Negative Binomial Three Parameter Lindley Distribution and Its Properties

Many researchers have proposed mixed distributions as one of the most important methods for obtaining new probability distributions. Several studies have shown that mixed Negative Binomial distributions fits count data better than Poisson and Negative Binomial distribution itself. In this paper, we introduce a mixed distribution by mixing the distributions of negative binomial and three Parameter Lindley distribution. This new distribution has a thick tail and may be considered as an alternative for fitting count data with over dispersion. The parameters of the new distribution are estimated using MLE method and properties studied.
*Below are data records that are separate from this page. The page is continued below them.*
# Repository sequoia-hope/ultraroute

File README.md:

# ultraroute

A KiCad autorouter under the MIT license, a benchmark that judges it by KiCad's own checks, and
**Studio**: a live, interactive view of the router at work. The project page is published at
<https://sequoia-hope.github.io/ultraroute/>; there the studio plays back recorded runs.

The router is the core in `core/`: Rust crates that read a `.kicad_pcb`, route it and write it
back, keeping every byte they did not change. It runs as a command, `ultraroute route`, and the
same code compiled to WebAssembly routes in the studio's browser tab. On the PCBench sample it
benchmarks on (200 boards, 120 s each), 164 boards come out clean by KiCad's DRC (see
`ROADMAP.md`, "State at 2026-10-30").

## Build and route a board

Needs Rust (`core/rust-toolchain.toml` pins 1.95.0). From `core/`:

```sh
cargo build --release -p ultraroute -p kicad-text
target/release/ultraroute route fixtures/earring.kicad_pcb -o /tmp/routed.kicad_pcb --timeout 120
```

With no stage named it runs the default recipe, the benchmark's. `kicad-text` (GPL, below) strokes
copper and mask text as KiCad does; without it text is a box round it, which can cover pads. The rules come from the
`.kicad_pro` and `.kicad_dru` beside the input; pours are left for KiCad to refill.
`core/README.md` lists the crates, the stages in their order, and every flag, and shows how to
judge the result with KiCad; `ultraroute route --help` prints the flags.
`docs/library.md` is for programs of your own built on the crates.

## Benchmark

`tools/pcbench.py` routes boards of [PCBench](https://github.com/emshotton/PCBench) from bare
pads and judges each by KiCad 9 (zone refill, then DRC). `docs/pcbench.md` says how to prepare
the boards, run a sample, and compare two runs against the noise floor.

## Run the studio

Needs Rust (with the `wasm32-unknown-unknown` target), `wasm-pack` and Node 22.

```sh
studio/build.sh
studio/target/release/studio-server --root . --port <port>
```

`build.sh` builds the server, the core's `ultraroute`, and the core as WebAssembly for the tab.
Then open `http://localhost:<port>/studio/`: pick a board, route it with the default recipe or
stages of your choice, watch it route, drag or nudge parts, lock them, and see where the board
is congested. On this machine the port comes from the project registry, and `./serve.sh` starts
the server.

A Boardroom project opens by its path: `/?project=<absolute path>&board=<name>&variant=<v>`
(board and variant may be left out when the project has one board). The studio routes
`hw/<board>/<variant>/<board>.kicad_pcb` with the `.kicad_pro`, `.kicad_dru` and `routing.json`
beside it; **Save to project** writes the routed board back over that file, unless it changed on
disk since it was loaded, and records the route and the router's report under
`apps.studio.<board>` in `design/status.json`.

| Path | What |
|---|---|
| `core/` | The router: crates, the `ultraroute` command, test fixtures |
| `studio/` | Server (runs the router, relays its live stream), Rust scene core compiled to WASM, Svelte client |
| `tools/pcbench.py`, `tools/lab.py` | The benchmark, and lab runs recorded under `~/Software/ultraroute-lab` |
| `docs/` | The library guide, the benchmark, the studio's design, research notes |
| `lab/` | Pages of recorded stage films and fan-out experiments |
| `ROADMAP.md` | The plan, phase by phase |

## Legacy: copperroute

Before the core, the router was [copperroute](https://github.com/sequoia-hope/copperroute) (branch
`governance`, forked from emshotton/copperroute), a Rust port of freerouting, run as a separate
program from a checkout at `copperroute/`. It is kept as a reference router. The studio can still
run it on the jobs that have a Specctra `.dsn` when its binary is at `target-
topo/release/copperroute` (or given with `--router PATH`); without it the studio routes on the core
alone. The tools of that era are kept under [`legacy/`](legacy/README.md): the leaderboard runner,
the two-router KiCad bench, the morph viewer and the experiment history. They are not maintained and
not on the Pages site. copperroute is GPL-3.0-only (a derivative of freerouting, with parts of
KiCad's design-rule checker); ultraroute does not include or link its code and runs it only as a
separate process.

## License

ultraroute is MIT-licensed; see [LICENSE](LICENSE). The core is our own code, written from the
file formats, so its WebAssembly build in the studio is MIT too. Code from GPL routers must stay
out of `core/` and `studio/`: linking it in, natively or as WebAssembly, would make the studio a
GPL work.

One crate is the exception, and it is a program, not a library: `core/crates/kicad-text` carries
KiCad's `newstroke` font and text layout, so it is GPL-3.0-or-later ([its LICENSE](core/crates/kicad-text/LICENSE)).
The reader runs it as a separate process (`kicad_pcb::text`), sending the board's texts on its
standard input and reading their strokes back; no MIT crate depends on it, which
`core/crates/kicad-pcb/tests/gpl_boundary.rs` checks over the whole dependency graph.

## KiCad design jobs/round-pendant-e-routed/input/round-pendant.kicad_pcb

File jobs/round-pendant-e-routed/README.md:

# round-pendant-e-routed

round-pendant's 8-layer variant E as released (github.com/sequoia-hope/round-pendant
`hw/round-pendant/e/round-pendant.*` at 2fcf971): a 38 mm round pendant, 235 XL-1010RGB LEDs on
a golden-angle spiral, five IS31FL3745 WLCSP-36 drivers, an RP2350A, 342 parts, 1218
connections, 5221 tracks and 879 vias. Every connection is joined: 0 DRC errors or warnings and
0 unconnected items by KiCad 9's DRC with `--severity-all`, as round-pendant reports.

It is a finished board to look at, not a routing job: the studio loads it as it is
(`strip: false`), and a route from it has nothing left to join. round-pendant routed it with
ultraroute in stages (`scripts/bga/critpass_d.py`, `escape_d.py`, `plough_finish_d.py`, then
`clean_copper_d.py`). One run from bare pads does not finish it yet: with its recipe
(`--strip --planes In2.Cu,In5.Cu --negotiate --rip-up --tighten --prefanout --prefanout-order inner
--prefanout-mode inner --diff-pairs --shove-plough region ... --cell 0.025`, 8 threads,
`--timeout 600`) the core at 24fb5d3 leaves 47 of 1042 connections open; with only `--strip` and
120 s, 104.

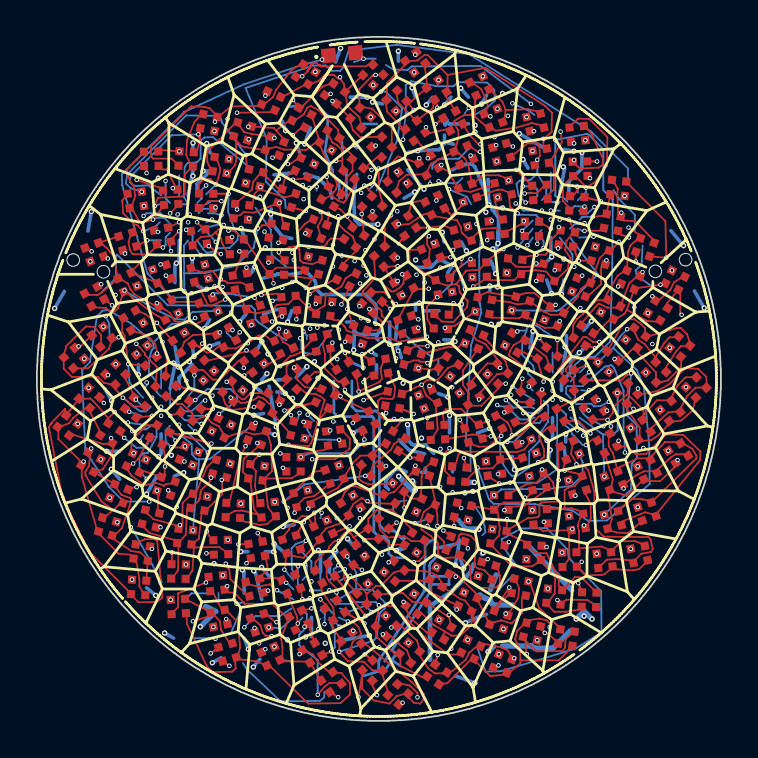
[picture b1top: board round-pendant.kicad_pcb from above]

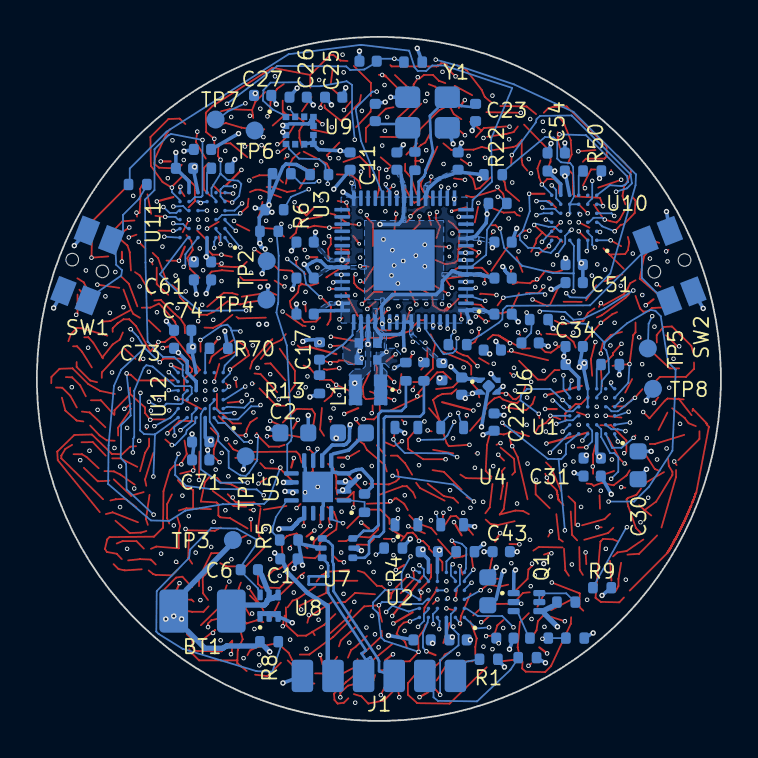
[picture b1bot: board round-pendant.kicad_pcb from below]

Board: 8 copper layers, 38.0 x 38.0 mm, 342 parts (106 on the bottom side), 185 nets.

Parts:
BT1: CELL 403535; BatteryPads
C1, C3, C4, C31, C34, C41, C44, C51, C54, C61, C64, C71, C74: 1u; C_0402_1005Metric
C2, C30, C40: 22u; C_0603_1608Metric
C5: 10u; C_0603_1608Metric
C6, C7, C8, C9, C10, C11, C12, C13, C14, C20, C21, C22, C25, C27, C32, C33, C35, C42, C43, C52, C53, C62, C63, C70, C72, C73: 100n; C_0402_1005Metric
C16, C18: 4.7u; C_0402_1005Metric_small_pads
C17, C19, C26: 4.7u; C_0402_1005Metric
C23, C24: 15p; C_0402_1005Metric
D1, D2, D3, D4, D5, D6, D7, D8, D9, D10, D11, D12, D13, D14, D15, D16, D17, D18, D19, D20, D21, D22, D23, D24, D25, D26, D27, D28, D29, D30, D31, D32, D33, D34, D35, D36, D37, D38, D39, D40, D41, D42, D43, D44, D45, D46, D47, D48, D49, D50, D51, D52, D53, D54, D55, D56, D57, D58, D59, D60, D61, D62, D63, D64, D65, D66, D67, D68, D69, D70, D71, D72, D73, D74, D75, D76, D77, D78, D79, D80, D81, D82, D83, D84, D85, D86, D87, D88, D89, D90, D91, D92, D93, D94, D95, D96, D97, D98, D99, D100, D101, D102, D103, D104, D105, D106, D107, D108, D109, D110, D111, D112, D113, D114, D115, D116, D117, D118, D119, D120, D121, D122, D123, D124, D125, D126, D127, D128, D129, D130, D131, D132, D133, D134, D135, D136, D137, D138, D139, D140, D141, D142, D143, D144, D145, D146, D147, D148, D149, D150, D151, D152, D153, D154, D155, D156, D157, D158, D159, D160, D161, D162, D163, D164, D165, D166, D167, D168, D169, D170, D171, D172, D173, D174, D175, D176, D177, D178, D179, D180, D181, D182, D183, D184, D185, D186, D187, D188, D189, D190, D191, D192, D193, D194, D195, D196, D197, D198, D199, D200, D201, D202, D203, D204, D205, D206, D207, D208, D209, D210, D211, D212, D213, D214, D215, D216, D217, D218, D219, D220, D221, D222, D223, D224, D225, D226, D227, D228, D229, D230, D231, D232, D233, D234, D235: RGB; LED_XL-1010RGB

Special cases of the new distribution and also identified. A simulation study carried out shows that the ML estimators give the parameter estimates close to the parameter when the sample is large, that is, the bias and variance of the parameter estimates decrease with increase in sample size showing the consistent nature of the new compound distribution. The study also compares the performance of the new distribution over distributions of Poisson, Negative Binomial, Negative Binomial oneParameter Lindley Distribution, Negative Binomial two Parameter distribution, three parameter Lindley distribution using a real count over dispersed dataset and the results shows that Negative Binomial three parameter Lindley distribution gave the smallest Kolmogorov Smirnov test statistic, AIC and BIC as compared to other distributions, hence the new distribution provided a better fit compared to other distributions under study for fitting over dispersed count data.